Human tumor cell lysates as a protein source for the detection of cancer antigen-specific humoral immunity.

Measurement of humoral tumor-specific immunity can predict what proteins are specific tumor antigens, be used to evaluate patient diagnosis or prognosis, and function as a method by which one can measure the effects of an immune intervention, such as a vaccine. Antibody assays can easily be adapted to high throughput formats; however, specific reagents needed for assay development often are not available. Developing methods to produce large quantities of purified recombinant tumor antigen proteins for indirect ELISA is both laborious and expensive. In addition, using proteins derived from E. coli might preclude the detection of certain antibody epitopes. We questioned whether a human tumor cell-based ELISA could be developed to assess antibody immunity to common tumor-associated antigens and whether such an ELISA could be optimized to the clinical standards needed for evaluation of large scale trials. Assays were based on the detection of HER-2/neu and p53 antibodies by capture ELISA, using human tumor cell lysate as a protein source. After optimization, the HER-2/neu and p53 ELISA intra-assay coefficients of variation (CV) of positive control sera were consistently 9% and 12%, respectively, at a 1:100 dilution.
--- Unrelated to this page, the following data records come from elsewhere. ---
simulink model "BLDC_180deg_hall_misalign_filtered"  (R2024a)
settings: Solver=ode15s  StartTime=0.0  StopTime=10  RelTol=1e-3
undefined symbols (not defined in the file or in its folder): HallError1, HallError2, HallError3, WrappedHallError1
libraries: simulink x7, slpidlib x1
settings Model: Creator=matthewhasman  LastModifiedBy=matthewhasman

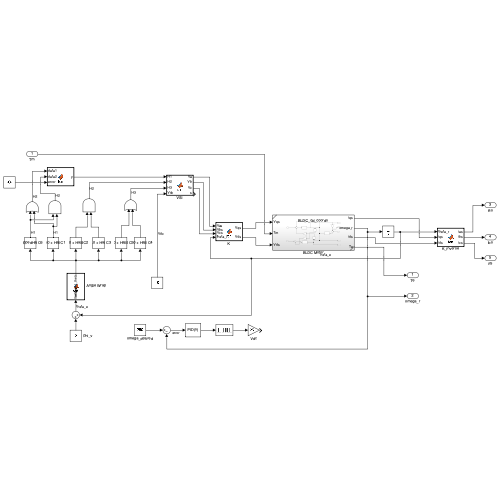
[thumbnail: Simulink's stored preview of the top-level diagram]
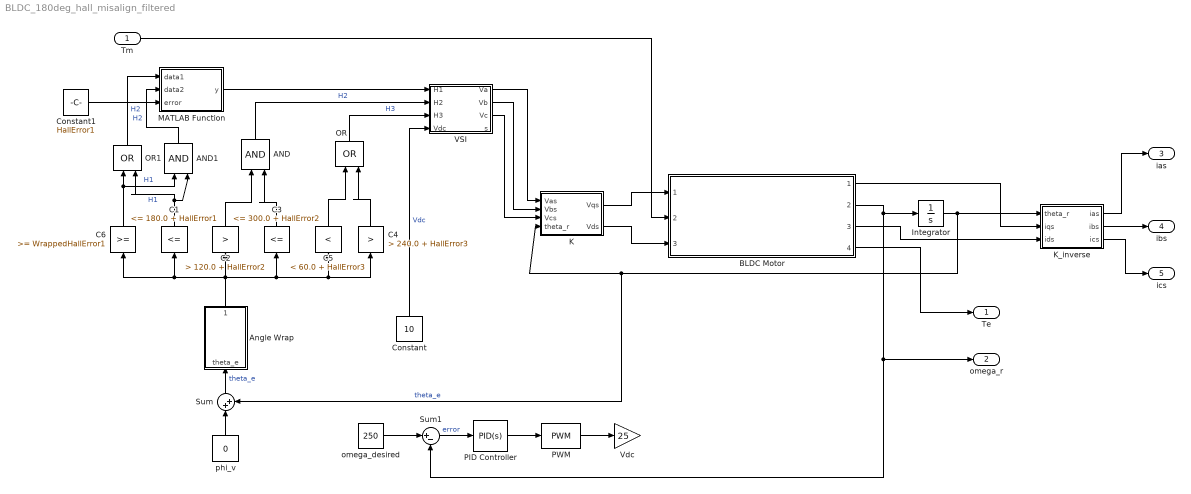
== system BLDC_180deg_hall_misalign_filtered ==
  Tm : Inport
  AND : Logic  IconShape=distinctive  AllPortsSameDT=off  OutDataTypeStr=boolean
  AND1 : Logic  IconShape=distinctive  AllPortsSameDT=off  OutDataTypeStr=boolean
  Angle Wrap : MATLAB Function  TreatAsAtomicUnit=on
  BLDC Motor : Subsystem  ReferencedSubsystem=BLDC_qd_coords
  C1 : simulink/Logic and Bit Operations/Compare To Constant  relop=<=  const=180.0 + HallError1  OutDataTypeStr=boolean
  C2 : simulink/Logic and Bit Operations/Compare To Constant  relop=>  const=120.0 + HallError2  OutDataTypeStr=boolean
  C3 : simulink/Logic and Bit Operations/Compare To Constant  relop=<=  const=300.0 + HallError2  OutDataTypeStr=boolean
  C4 : simulink/Logic and Bit Operations/Compare To Constant  relop=>  const=240.0 + HallError3  OutDataTypeStr=boolean
  C5 : simulink/Logic and Bit Operations/Compare To Constant  relop=<  const=60.0 + HallError3  OutDataTypeStr=boolean
  C6 : simulink/Logic and Bit Operations/Compare To Constant  relop=>=  const=WrappedHallError1  OutDataTypeStr=boolean
  Constant : Constant  Value=10
  Constant1 : Constant  Value=HallError1
  Integrator : Integrator
  K : MATLAB Function  TreatAsAtomicUnit=on
  K_inverse : MATLAB Function  TreatAsAtomicUnit=on
  MATLAB Function : MATLAB Function  TreatAsAtomicUnit=on
  OR : Logic  Operator=OR  IconShape=distinctive  AllPortsSameDT=off  OutDataTypeStr=boolean
  OR1 : Logic  Operator=OR  IconShape=distinctive  AllPortsSameDT=off  OutDataTypeStr=boolean
  PID Controller : slpidlib/PID Controller  Controller=PID  Form=Parallel  TimeDomain=Continuous-time  UseExternalTs=off  SampleTime=-1  IntegratorMethod=Forward Euler  FilterMethod=Forward Euler  ControllerParametersSource=internal  P=8  I=5  UseKiTs=off  D=1  UseExternalDerivativeSource=off  N=100  UseFilter=on  TunerSelectOption=Transfer Function Based (PID Tuner App)  InitialConditionSource=internal  InitialConditionForIntegrator=0  InitialConditionForFilter=0  DifferentiatorICPrevScaledInput=0  ExternalReset=none  TrackingMode=off  Kt=1  LimitOutput=off  SatLimitsSource=internal  UpperSaturationLimit=inf  LowerSaturationLimit=-inf  LinearizeAsGain=on  AntiWindupMode=none  Kb=1  LimitIntegrator=off  UpperIntegratorSaturationLimit=inf  LowerIntegratorSaturationLimit=-inf  POutMin=[]  POutMax=[]  IOutMin=[]  IOutMax=[]  DOutMin=[]  DOutMax=[]  NOutMin=[]  NOutMax=[]  SumOutMin=[]  SumOutMax=[]  SaturationOutMin=[]  SaturationOutMax=[]  PParamMin=[]  PParamMax=[]  IParamMin=[]  IParamMax=[]  DParamMin=[]  DParamMax=[]  NParamMin=[]  NParamMax=[]  KbParamMin=[]  KbParamMax=[]  KtParamMin=[]  KtParamMax=[]  KbOutMin=[]  KbOutMax=[]  KtOutMin=[]  KtOutMax=[]  IntegratorOutMin=[]  IntegratorOutMax=[]  FilterOutMin=[]  FilterOutMax=[]  SumI1OutMin=[]  SumI1OutMax=[]  SumI2OutMin=[]  SumI2OutMax=[]  SumI3OutMin=[]  SumI3OutMax=[]  SumI4OutMin=[]  SumI4OutMax=[]  SumDOutMin=[]  SumDOutMax=[]  DifferentiatorOutMin=[]  DifferentiatorOutMax=[]  FilterDiffOutCoefMin=[]  FilterDiffOutCoefMax=[]  ReciprocalOutMin=[]  ReciprocalOutMax=[]  SumDenOutMin=[]  SumDenOutMax=[]  SumNumOutMin=[]  SumNumOutMax=[]  DivideOutMin=[]  DivideOutMax=[]  UdiffTsProdOutMin=[]  UdiffTsProdOutMax=[]  NTsProdOutMin=[]  NTsProdOutMax=[]  UintegralTsProdOutMin=[]  UintegralTsProdOutMax=[]  UngainTsProdOutMin=[]  UngainTsProdOutMax=[]  ClampingZeroOutDataTypeStr=Inherit: Inherit via back propagation  ClampingZeroOutMin=[]  ClampingZeroOutMax=[]  FilterDenConstantOutDataTypeStr=Inherit: Inherit via back propagation  FilterDenConstantOutMin=[]  FilterDenConstantOutMax=[]  PCopyOutDataTypeStr=Inherit: Inherit via back propagation  PCopyOutMin=[]  PCopyOutMax=[]  NCopyOutDataTypeStr=Inherit: Inherit via back propagation  NCopyOutMin=[]  NCopyOutMax=[]  IntegratorContinuousStateAttributes=''  IntegratorStateMustResolveToSignalObject=off  IntegratorRTWStateStorageClass=Auto  FilterContinuousStateAttributes=''  FilterStateMustResolveToSignalObject=off  FilterRTWStateStorageClass=Auto  ParallelPVariant=InternalParameters  IdealPVariant=Disabled  IVariant=InternalParameters  DVariant=InternalParameters  IntegratorVariant=Continuous  SatVariant=Disabled  AWVariant=Passthrough  PCopyVariant=Disabled  TRVariant=Disabled  FdbkBlocksVariant=Forward  IdealPFdbkVariant=Disabled  SatFdbkVariant=Disabled  DerivativeFilterVariant=ContFilter  NVariant=InternalParameters  NCopyVariant=Disabled  FilterICVariant=InternalICsFilter  IntegratorICVariant=InternalICs  ExternalResetVariant=Disabled  TRSumVariant=Passthrough  SumFdbkVariant=Disabled  SumVariant=Sum_PID  TsampFilterVariant=InternalTs  TsampNgainVariant=Passthrough  TsampIntegralVariant=Disabled_SignalSpec  ExternalSaturationOutDataTypeStr=Inherit: Same as second input  DerivativeSourceVariant=ErrorSignal
  PWM : simulink/Discontinuities/PWM  DisableCoverage=on  Period=0.0001  InitialDelay=0  DisallowZeroDutyCycle=off  RunAtFixedTimeIntervals=off  SampleTime=0.1
  Sum : Sum  Inputs=|++
  Sum1 : Sum  Inputs=|+-
  VSI : MATLAB Function  TreatAsAtomicUnit=on
  Vdc : Gain  Gain=25
  omega_desired : Constant  Value=250
  phi_v : Constant  Value=0
  Te : Outport
  omega_r : Outport  Port=2
  ias : Outport  Port=3
  ibs : Outport  Port=4
  ics : Outport  Port=5
  wires:
  Integrator/1 -> K_inverse/1(theta_r), K/4(theta_r), Sum/2  "theta_e"
  BLDC Motor/1 -> K_inverse/2(iqs)
  BLDC Motor/3 -> K_inverse/3(ids)
  K/1(Vqs) -> BLDC Motor/1
  Tm/1 -> BLDC Motor/2
  phi_v/1 -> Sum/1
  VSI/1(Va) -> K/1(Vas)
  VSI/2(Vb) -> K/2(Vbs)
  VSI/3(Vc) -> K/3(Vcs)
  omega_desired/1 -> Sum1/1
  Sum1/1 -> PID Controller/1  "error"
  PID Controller/1 -> PWM/1
  PWM/1 -> Vdc/1
  Constant/1 -> VSI/4(Vdc)  "Vdc"
  K/2(Vds) -> BLDC Motor/3
  Sum/1 -> Angle Wrap/1(theta_e)  "theta_e"
  Angle Wrap/1(wrapped_theta) -> C2/1, C5/1, C4/1, C3/1, C6/1, C1/1
  C2/1 -> AND/1
  C3/1 -> AND/2
  AND/1 -> VSI/2(H2)  "H2"
  C5/1 -> OR/1
  C4/1 -> OR/2
  OR/1 -> VSI/3(H3)  "H3"
  BLDC Motor/2 -> omega_r/1, Sum1/2, Integrator/1
  BLDC Motor/4 -> Te/1
  K_inverse/1(ias) -> ias/1
  K_inverse/2(ibs) -> ibs/1
  K_inverse/3(ics) -> ics/1
  C6/1 -> AND1/1, OR1/1  "H1"
  C1/1 -> AND1/2, OR1/2  "H1"
  MATLAB Function/1(y) -> VSI/1(H1)
  OR1/1 -> MATLAB Function/1(data1)  "H2"
  AND1/1 -> MATLAB Function/2(data2)  "H2"
  Constant1/1 -> MATLAB Function/3(error)

== matlab function BLDC_180deg_hall_misalign_filtered/K ==
  data: Vas input; Vqs output; Vbs input; Vcs input; Vds output; theta_r input
function [Vqs, Vds] = fcn(Vas, Vbs, Vcs, theta_r)
offset = 2*pi/3;
k = (2/3)*[cos(theta_r), cos(theta_r - offset), cos(theta_r + offset);
           sin(theta_r), sin(theta_r - offset), sin(theta_r + offset)];

qds_voltage = k * [Vas; Vbs; Vcs];

Vqs = qds_voltage(1);
Vds = qds_voltage(2);

end

== matlab function BLDC_180deg_hall_misalign_filtered/K_inverse ==
  data: theta_r input; ias output; iqs input; ids input; ibs output; ics output
function [ias, ibs, ics] = fcn(theta_r, iqs, ids)
offset = 2*pi/3;
k_inverse = [cos(theta_r), sin(theta_r);
             cos(theta_r - offset), sin(theta_r - offset);
             cos(theta_r + offset), sin(theta_r + offset)];

abc_currents = k_inverse * [iqs; ids];

ias = abc_currents(1);
ibs = abc_currents(2);
ics = abc_currents(3);

end

== matlab function BLDC_180deg_hall_misalign_filtered/Angle Wrap ==
  data: theta_e input; wrapped_theta output
function wrapped_theta = fcn(theta_e)

wrapped_theta = wrapTo2Pi(theta_e) * 180 / pi;

== matlab function BLDC_180deg_hall_misalign_filtered/VSI ==
  data: Va output; H1 input; H2 input; H3 input; Vb output; Vc output; Vdc input; s output
function [Va, Vb, Vc, s] = fcn(H1, H2, H3, Vdc)

% Initialize T1, T2, T3
T1 = 0;
T2 = 0;
T3 = 0;
s=0;

% Determine T1, T2, T3 based on theta_e
if (H1 && H3)
    [T1, T2, T3] = deal(1, 0, 0);
    s=0;
elseif (H1 && ~H2 && ~H3)
    [T1, T2, T3] = deal(1, 1, 0);
    s=1;
elseif (H2 && H1)
    [T1, T2, T3] = deal(0, 1, 0);
    s=2;
elseif (H2 && ~H1 && ~H3)
    [T1, T2, T3] = deal(0, 1, 1);
    s=3;
elseif (H2 && H3)
    [T1, T2, T3] = deal(0, 0, 1);
    s=4;
else
    [T1, T2, T3] = deal(1, 0, 1);
    s=5;
end

% % Determine T1, T2, T3 based on theta_e
% if (H1 && H3)
%     [T1, T2, T3] = deal(1, 0, 1);
%     s=0;
% elseif (H1)
%     [T1, T2, T3] = deal(1, 0, 0);
%     s=1;
% elseif (H2 && H1)
%     [T1, T2, T3] = deal(1, 1, 0);
%     s=2;
% elseif (H2)
%     [T1, T2, T3] = deal(0, 1, 0);
%     s=3;
% elseif (H2 && H3)
%     [T1, T2, T3] = deal(0, 1, 1);
%     s=4;
% else
%     [T1, T2, T3] = deal(0, 0, 1);
%     s=5;
% end

% Matrix A for transformations
A = [2/3, -1/3, -1/3;
     -1/3, 2/3, -1/3;
     -1/3, -1/3, 2/3;];

% Create T vector
T = [T1; T2; T3];

% Compute Vabc
Vabc = Vdc * A * T;

Va = Vabc(1);
Vb = Vabc(2); 
Vc = Vabc(3); 

end

== matlab function BLDC_180deg_hall_misalign_filtered/MATLAB Function ==
  data: data1 input; y output; data2 input; error input
function y = fcn(data1, data2, error)

if error > 0
    y = data2;

else 
    y = data1;

end

The HER-2/neu and p53 inter-assay CV of positive control sera over a 5-month time period were 20% and 15%, respectively. The sensitivity and specificity of the ELISAs were evaluated based on comparison to immunoblot. Analysis demonstrated the HER-2/neu ELISA had a specificity of 77% and sensitivity of 89%, and the p53 ELISA had a specificity of 100% and sensitivity of 93%. Cell-based ELISA can be developed to be Clinical Laboratory Improvement Act (CLIA)-compliant and the flexibility of the approach will allow adaptation of the assay to multiple tumor antigen systems.